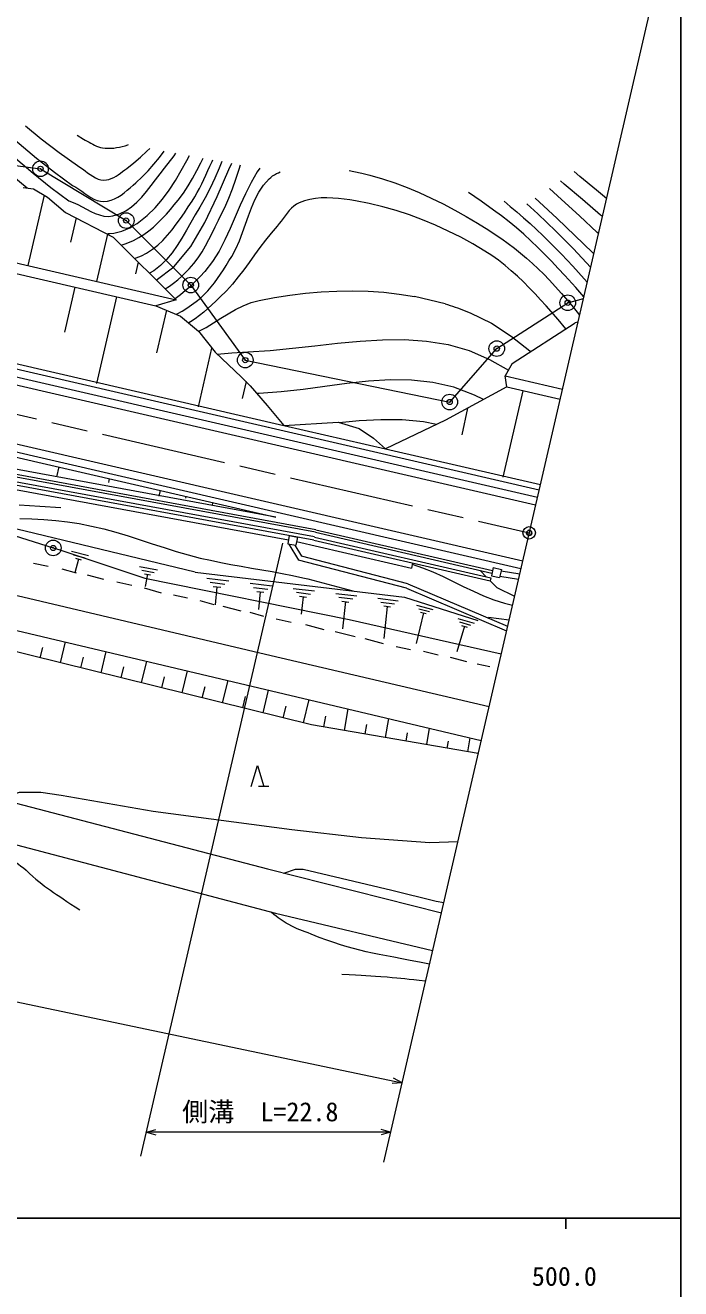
# Model space of a CAD drawing. Units: millimetres, scale not verified. Extents: x 40000 to 680000, y 20000 to 380000.
# Drawn here: x 516160 to 579000, y 198249 to 319406 of the extents above; entities that cross this region are included whole.
import ezdxf
from ezdxf.enums import TextEntityAlignment as Align

# ---------------------------------------------------------------- set-up
doc = ezdxf.new("R2010")
doc.units = ezdxf.units.MM
doc.header["$LTSCALE"] = 1000
doc.header["$PDMODE"] = 32
doc.header["$PDSIZE"] = 500
doc.linetypes.add('CHAIN', pattern=[18.5, 12, -1.5, 3.5, -1.5])
for name, color, linetype, lineweight in [('M-BGD', 7, 'Continuous', 13), ('M-BMK', 2, 'CHAIN', 13), ('M-BMK-ROW', 30, 'Continuous', 13), ('M-STR-HTXT', 7, 'Continuous', 13), ('M-STR-STRC', 7, 'Continuous', 13), ('M-TTL-BAND', 7, 'Continuous', 25)]:
    doc.layers.add(name, color=color, linetype=linetype, lineweight=lineweight)
doc.layers.add('M-OTRS', color=6, linetype='Continuous')
doc.styles.add('ＭＳ ゴシック', font='')
doc.styles.get('ＭＳ ゴシック').set_extended_font_data('MS Gothic')

msp = doc.modelspace()

# ---------------------------------------------------------------- linework, layer by layer
at = {"layer": 'M-BGD'}
for p, q in [((550523, 210396), (578419, 331060)), ((521125, 308862), (521737, 308472)), ((533474, 305048), (533669, 305479)), ((533669, 305479), (533865, 305909)), ((533865, 305909), (534067, 306336)), ((534067, 306336), (534150, 306506)), ((534736, 305708), (534322, 304742)), ((535003, 306352), (534736, 305708)), ((536361, 304663), (536667, 305607)), ((536667, 305607), (536807, 306025)), ((538407, 305361), (537803, 304327)), ((538643, 305693), (538407, 305361)), ((540438, 305269), (540608, 305338)), ((547208, 305468), (547674, 305383)), ((547674, 305383), (548436, 305218)), ((532865, 303769), (533075, 304191)), ((533075, 304191), (533277, 304618)), ((533277, 304618), (533474, 305048)), ((534322, 304742), (533884, 303788)), ((536041, 303727), (536361, 304663)), ((537803, 304327), (537264, 303249)), ((539001, 304065), (539539, 304679)), ((539539, 304679), (539698, 304822)), ((539698, 304822), (539869, 304953)), ((539869, 304953), (540051, 305070)), ((540051, 305070), (540241, 305176)), ((540241, 305176), (540438, 305269)), ((548436, 305218), (549190, 305034)), ((549190, 305034), (550399, 304692)), ((550399, 304692), (551592, 304297)), ((551592, 304297), (552770, 303853)), ((515948, 303849), (516446, 303783)), ((517979, 303122), (516416, 296363)), ((516446, 303783), (516944, 303717)), ((516944, 303717), (518303, 302935)), ((518303, 302935), (520013, 301457)), ((532155, 302550), (532408, 302947)), ((532408, 302947), (532644, 303354)), ((532644, 303354), (532865, 303769)), ((533884, 303788), (533408, 302856)), ((535687, 302814), (536041, 303727)), ((537264, 303249), (536767, 302144)), ((538170, 302665), (538550, 303389)), ((538550, 303389), (539001, 304065)), ((552770, 303853), (553933, 303365)), ((553933, 303365), (555080, 302837)), ((559863, 302534), (558653, 303356)), ((531411, 301434), (531784, 301995)), ((531784, 301995), (532155, 302550)), ((532883, 301951), (532452, 301235)), ((533408, 302856), (532883, 301951)), ((534970, 301330), (535277, 301939)), ((535277, 301939), (535687, 302814)), ((536767, 302144), (536288, 301026)), ((537546, 301117), (537841, 301904)), ((537841, 301904), (538170, 302665)), ((541684, 301859), (541469, 301636)), ((541914, 302061), (541684, 301859)), ((542163, 302237), (541914, 302061)), ((542433, 302381), (542163, 302237)), ((542935, 302573), (542433, 302381)), ((543454, 302711), (542935, 302573)), ((543986, 302801), (543454, 302711)), ((544529, 302850), (543986, 302801)), ((545079, 302861), (544529, 302850)), ((545634, 302841), (545079, 302861)), ((546189, 302796), (545634, 302841)), ((546741, 302731), (546189, 302796)), ((547287, 302652), (546741, 302731)), ((547825, 302565), (547287, 302652)), ((549133, 302312), (547825, 302565)), ((550431, 302002), (549133, 302312)), ((551718, 301637), (550431, 302002)), ((555080, 302837), (556213, 302273)), ((556213, 302273), (557330, 301679)), ((561064, 301691), (559863, 302534)), ((561810, 301141), (561064, 301691)), ((562060, 302529), (562658, 302043)), ((562658, 302043), (563299, 301502)), ((520013, 301457), (524598, 299090)), ((521026, 300934), (520490, 298613)), ((530637, 300320), (531030, 300873)), ((531030, 300873), (531411, 301434)), ((532030, 300495), (531606, 299746)), ((532452, 301235), (532030, 300495)), ((534376, 300091), (534672, 300712)), ((534672, 300712), (534970, 301330)), ((536288, 301026), (535805, 299913)), ((537267, 300319), (537546, 301117)), ((540688, 300636), (540494, 300386)), ((540878, 300892), (540688, 300636)), ((541070, 301147), (540878, 300892)), ((541266, 301397), (541070, 301147)), ((541469, 301636), (541266, 301397)), ((552992, 301219), (551718, 301637)), ((554250, 300751), (552992, 301219)), ((555490, 300235), (554250, 300751)), ((557330, 301679), (558432, 301058)), ((558432, 301058), (559518, 300414)), ((562541, 300568), (561810, 301141)), ((563255, 299975), (562541, 300568)), ((563299, 301502), (563932, 300950)), ((563932, 300950), (564555, 300389)), ((524051, 299373), (523004, 294840)), ((529345, 298780), (529799, 299266)), ((529799, 299266), (530228, 299782)), ((530228, 299782), (530637, 300320)), ((531606, 299746), (531171, 299002)), ((533771, 298857), (534078, 299471)), ((534078, 299471), (534376, 300091)), ((535805, 299913), (535295, 298818)), ((536685, 298732), (536986, 299520)), ((536986, 299520), (537267, 300319)), ((539732, 299477), (539190, 298788)), ((540295, 300146), (539732, 299477)), ((540494, 300386), (540295, 300146)), ((556710, 299675), (555490, 300235)), ((557909, 299074), (556710, 299675)), ((559518, 300414), (560590, 299754)), ((560590, 299754), (561221, 299346)), ((561221, 299346), (561843, 298921)), ((563954, 299362), (563255, 299975)), ((564639, 298734), (563954, 299362)), ((564555, 300389), (565171, 299818)), ((565171, 299818), (565779, 299238)), ((524598, 299090), (530611, 293081)), ((528345, 297923), (528862, 298329)), ((528862, 298329), (529345, 298780)), ((530715, 298279), (530229, 297589)), ((531171, 299002), (530715, 298279)), ((533105, 297665), (533448, 298253)), ((533448, 298253), (533771, 298857)), ((535295, 298818), (534734, 297759)), ((536346, 297968), (536685, 298732)), ((538664, 298086), (538146, 297377)), ((539190, 298788), (538664, 298086)), ((559083, 298432), (557909, 299074)), ((560231, 297754), (559083, 298432)), ((561843, 298921), (562453, 298479)), ((562453, 298479), (563053, 298022)), ((565312, 298091), (564639, 298734)), ((565973, 297435), (565312, 298091)), ((565779, 299238), (566379, 298651)), ((566379, 298651), (566972, 298058)), ((566972, 298058), (567558, 297458)), ((511244, 297559), (530611, 293081)), ((526648, 297042), (526785, 297090)), ((526785, 297090), (527298, 297310)), ((527298, 297310), (527790, 297566)), ((527790, 297566), (528345, 297923)), ((529702, 296948), (529125, 296369)), ((530229, 297589), (529702, 296948)), ((532330, 296555), (532734, 297098)), ((532734, 297098), (533105, 297665)), ((534734, 297759), (534099, 296751)), ((535691, 296812), (535951, 297241)), ((535951, 297241), (536346, 297968)), ((538146, 297377), (537629, 296668)), ((560892, 297325), (560231, 297754)), ((561532, 296866), (560892, 297325)), ((562154, 296379), (561532, 296866)), ((563053, 298022), (563641, 297550)), ((563641, 297550), (564218, 297064)), ((564218, 297064), (564782, 296563)), ((566624, 296770), (565973, 297435)), ((567558, 297458), (568658, 296294)), ((514463, 295788), (528671, 292504)), ((526987, 296703), (526728, 295582)), ((528489, 295868), (528067, 295623)), ((529125, 296369), (528489, 295868)), ((531168, 295335), (531535, 295683)), ((531535, 295683), (531886, 296042)), ((531886, 296042), (532330, 296555)), ((533367, 295809), (532937, 295330)), ((534099, 296751), (533367, 295809)), ((534888, 295530), (535162, 295954)), ((535162, 295954), (535429, 296383)), ((535429, 296383), (535691, 296812)), ((537106, 295963), (536571, 295270)), ((537629, 296668), (537106, 295963)), ((562757, 295868), (562154, 296379)), ((563345, 295337), (562757, 295868)), ((564782, 296563), (565334, 296050)), ((565334, 296050), (565873, 295524)), ((567266, 296096), (566624, 296770)), ((567898, 295417), (567266, 296096)), ((568658, 296294), (569732, 295106)), ((529973, 294388), (530386, 294685)), ((530386, 294685), (530785, 295002)), ((530785, 295002), (531168, 295335)), ((532488, 294859), (532020, 294403)), ((532937, 295330), (532488, 294859)), ((533998, 294314), (534308, 294707)), ((534308, 294707), (534604, 295113)), ((534604, 295113), (534888, 295530)), ((536017, 294595), (535437, 293943)), ((536571, 295270), (536017, 294595)), ((563918, 294788), (563345, 295337)), ((564479, 294226), (563918, 294788)), ((565873, 295524), (566399, 294987)), ((566399, 294987), (567584, 293687)), ((568942, 294250), (567898, 295417)), ((569732, 295106), (570028, 294766)), ((519956, 289965), (520955, 294287)), ((523013, 285068), (524932, 293368)), ((529567, 294125), (529973, 294388)), ((531027, 293551), (530516, 293176)), ((531533, 293965), (531027, 293551)), ((532020, 294403), (531533, 293965)), ((532537, 292907), (532954, 293245)), ((532954, 293245), (533323, 293580)), ((533323, 293580), (533670, 293937)), ((533670, 293937), (533998, 294314)), ((534824, 293322), (534445, 292962)), ((535437, 293943), (534824, 293322)), ((556402, 292698), (553484, 293399)), ((565030, 293654), (564479, 294226)), ((565572, 293075), (565030, 293654)), ((567584, 293687), (568713, 292341)), ((569701, 293351), (568942, 294250)), ((530611, 293081), (528671, 292504)), ((528671, 292504), (531056, 291509)), ((529687, 292080), (528743, 287997)), ((530719, 291732), (531193, 291996)), ((531193, 291996), (531655, 292281)), ((531655, 292281), (532103, 292585)), ((532103, 292585), (532537, 292907)), ((533670, 292252), (533271, 291909)), ((534062, 292605), (533670, 292252)), ((534445, 292962), (534062, 292605)), ((566107, 292493), (565572, 293075)), ((567244, 291198), (566107, 292493)), ((568713, 292341), (569296, 291597)), ((495701, 290991), (565429, 274871)), ((530629, 291687), (530719, 291732)), ((531056, 291509), (532778, 290076)), ((532010, 290973), (531828, 290864)), ((532442, 291266), (532010, 290973)), ((532862, 291579), (532442, 291266)), ((533271, 291909), (532862, 291579)), ((562854, 286984), (568888, 290885)), ((567981, 290299), (567244, 291198)), ((569140, 290923), (568888, 290885)), ((495532, 290260), (565260, 274140)), ((532778, 290076), (534364, 288059)), ((532756, 282815), (534059, 288448)), ((539623, 288220), (541773, 288428)), ((541773, 288428), (543933, 288675)), ((543933, 288675), (546095, 288922)), ((546095, 288922), (548253, 289129)), ((548253, 289129), (550399, 289257)), ((550399, 289257), (552525, 289268)), ((552525, 289268), (554626, 289123)), ((554626, 289123), (556692, 288782)), ((556692, 288782), (558717, 288207)), ((534364, 288059), (536891, 285670)), ((534557, 287875), (535973, 288001)), ((535973, 288001), (537491, 288088)), ((537491, 288088), (539623, 288220)), ((558717, 288207), (560681, 287370)), ((560681, 287370), (562482, 286336)), ((515134, 287012), (540953, 281042)), ((562854, 286984), (562166, 285786)), ((536891, 285670), (537726, 284843)), ((537322, 285244), (536946, 283618)), ((537726, 284843), (539340, 282943)), ((544887, 284765), (542787, 284482)), ((546984, 285043), (544887, 284765)), ((549072, 285267), (546984, 285043)), ((551146, 285391), (549072, 285267)), ((553201, 285368), (551146, 285391)), ((555232, 285150), (553201, 285368)), ((557233, 284690), (555232, 285150)), ((562331, 284722), (556462, 281532)), ((562166, 285786), (567659, 284516)), ((562331, 284722), (562166, 285786)), ((562331, 284722), (567433, 283542)), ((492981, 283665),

*-*-*

* [Brief]: Tally the lines of the listing that include "color". Nothing but the resulting number should be returned.

* [Task output]: 3